I sat down next to him, asked him what he wanted to be in about ten years, and he told me: to be a boxer, run his own gym and train other boxers. So I asked him about that, and how he’d advertise his gym, and how many people he’d employ, how he’d find them and what he’d pay them. At that moment, something clicked between us. He knew that I was taking him seriously, because I was. Our conversation, perhaps to the surprise of both of us, was genuine and engaging. As we talked, he started working out what it really would be like to be an adult boxing gym boss and began writing. At the end of the lesson, his teacher told me she’d never seen him write anything like as much. The next lesson, I helped a girl write the first poem of her life. And it’s not just about helping to flick the switch of the imagination. We’re there for the nuts and bolts of writing too. Working with a class of S5s, I found myself talking to a boy writing an essay about “weight-cutting”. He explained that MMA fighters (he wanted to be one) often had to lose weight to be allowed to fight in their chosen category, and how some did this so drastically that it effectively killed them.

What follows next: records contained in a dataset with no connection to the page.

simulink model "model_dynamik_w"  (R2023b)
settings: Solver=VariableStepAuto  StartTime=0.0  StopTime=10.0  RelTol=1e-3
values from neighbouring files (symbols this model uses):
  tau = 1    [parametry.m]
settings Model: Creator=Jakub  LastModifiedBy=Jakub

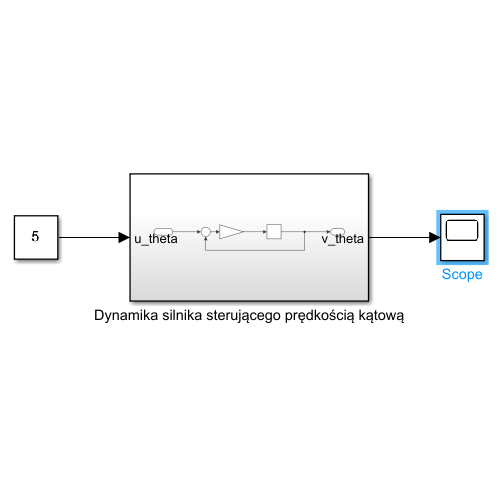
[thumbnail: Simulink's stored preview of the top-level diagram]
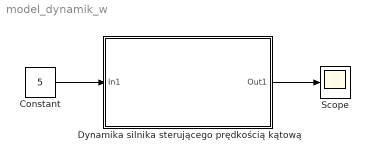
== system model_dynamik_w ==
  Constant : Constant  Value=5
  Dynamika silnika sterującego prędkością kątową : Subsystem
  Scope : Scope
  wires:
  Constant/1 -> Dynamika silnika sterującego prędkością kątową/1(In1)
  Dynamika silnika sterującego prędkością kątową/1(Out1) -> Scope/1

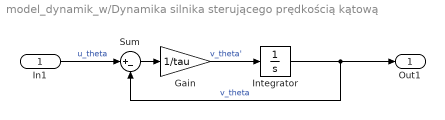
== system model_dynamik_w/Dynamika silnika sterującego prędkością kątową ==
  In1 : Inport
  Gain : Gain  Gain=1/tau
  Integrator : Integrator
  Sum : Sum  Inputs=|+-
  Out1 : Outport
  wires:
  Integrator/1 -> Out1/1, Sum/2  "v_theta"
  Gain/1 -> Integrator/1  "v_theta'"
  In1/1 -> Sum/1  "u_theta"
  Sum/1 -> Gain/1
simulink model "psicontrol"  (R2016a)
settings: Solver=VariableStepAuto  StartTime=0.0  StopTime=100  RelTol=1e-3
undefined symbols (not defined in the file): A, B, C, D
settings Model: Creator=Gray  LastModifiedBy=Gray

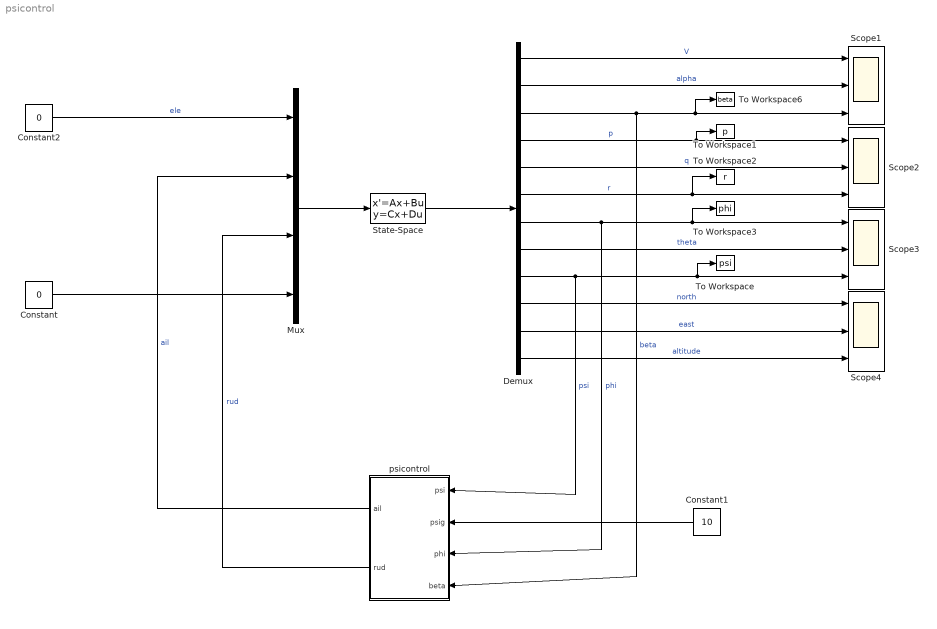
== system psicontrol ==
  Constant : Constant  Value=0
  Constant1 : Constant  Value=10
  Constant2 : Constant  Value=0
  Demux : Demux  Outputs=12
  Mux : Mux
  Scope{1..4} (4 alike) : Scope  NumInputPorts=3
  State-Space : StateSpace  A=A  B=B  C=C  D=D  X0=[0 0 0 0 0 0 0 0 0 0 0 0]
  To Workspace : ToWorkspace  VariableName=psi  SaveFormat=Timeseries  SampleTime=-1
  To Workspace1 : ToWorkspace  VariableName=p  SaveFormat=Timeseries  SampleTime=-1
  To Workspace2 : ToWorkspace  VariableName=r  SaveFormat=Timeseries  SampleTime=-1
  To Workspace3 : ToWorkspace  VariableName=phi  SaveFormat=Timeseries  SampleTime=-1
  To Workspace6 : ToWorkspace  VariableName=beta  SaveFormat=Timeseries  SampleTime=-1
  psicontrol : Subsystem
  wires:
  State-Space/1 -> Demux/1
  Mux/1 -> State-Space/1
  Demux/1 -> Scope1/1  "V"
  Demux/2 -> Scope1/2  "alpha"
  Demux/3 -> psicontrol/4(beta), To Workspace6/1, Scope1/3  "beta"
  Demux/4 -> To Workspace1/1, Scope2/1  "p"
  Demux/5 -> Scope2/2  "q"
  Demux/6 -> To Workspace2/1, Scope2/3  "r"
  Demux/7 -> psicontrol/3(phi), To Workspace3/1, Scope3/1  "phi"
  Demux/8 -> Scope3/2  "theta"
  Demux/9 -> psicontrol/1(psi), To Workspace/1, Scope3/3  "psi"
  Demux/10 -> Scope4/1  "north"
  Demux/11 -> Scope4/2  "east"
  Demux/12 -> Scope4/3  "altitude"
  Constant/1 -> Mux/4
  Constant1/1 -> psicontrol/2(psig)
  Constant2/1 -> Mux/1  "ele"
  psicontrol/2(rud) -> Mux/3  "rud"
  psicontrol/1(ail) -> Mux/2  "ail"

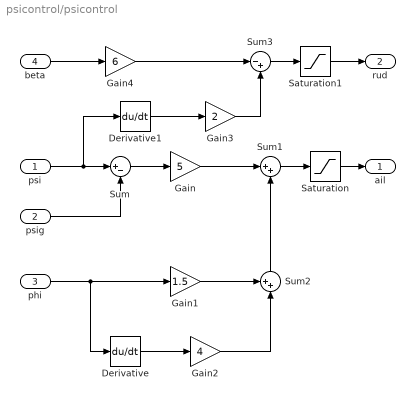
== system psicontrol/psicontrol ==
  psi : Inport
  psig : Inport  Port=2
  phi : Inport  Port=3
  beta : Inport  Port=4
  Derivative : Derivative
  Derivative1 : Derivative
  Gain : Gain  Gain=5
  Gain1 : Gain  Gain=1.5
  Gain2 : Gain  Gain=4
  Gain3 : Gain  Gain=2
  Gain4 : Gain  Gain=6
  Saturation : Saturate  UpperLimit=12  LowerLimit=-12
  Saturation1 : Saturate  UpperLimit=8  LowerLimit=-8
  Sum : Sum  Inputs=|+-
  Sum1 : Sum  Inputs=|++
  Sum2 : Sum  Inputs=++|
  Sum3 : Sum  Inputs=|-+
  ail : Outport
  rud : Outport  Port=2
  wires:
  psig/1 -> Sum/2
  Gain2/1 -> Sum2/2
  Sum2/1 -> Sum1/2
  Derivative1/1 -> Gain3/1
  phi/1 -> Derivative/1, Gain1/1
  Derivative/1 -> Gain2/1
  Gain1/1 -> Sum2/1
  beta/1 -> Gain4/1
  Gain4/1 -> Sum3/1
  Gain3/1 -> Sum3/2
  psi/1 -> Derivative1/1, Sum/1
  Gain/1 -> Sum1/1
  Sum/1 -> Gain/1
  Saturation/1 -> ail/1
  Sum1/1 -> Saturation/1
  Sum3/1 -> Saturation1/1
  Saturation1/1 -> rud/1

Again, all I’m talking about here is a simple, ordinary conversation between a child and an adult (granted, in this case it’s the adult who needed educating because I’d never even heard of weight-cutting deaths). He told me all about rapid dieting, and I told him, after reading his essay, that I wasn’t going to go away until he was sure about the difference between “it’s” and “its”, as his essay clearly showed that he hadn’t got a clue about apostrophes. Maybe he hadn’t been in class the day the teacher explained it, maybe he just hadn’t listened: either way, it was something I could help him fix in his mind.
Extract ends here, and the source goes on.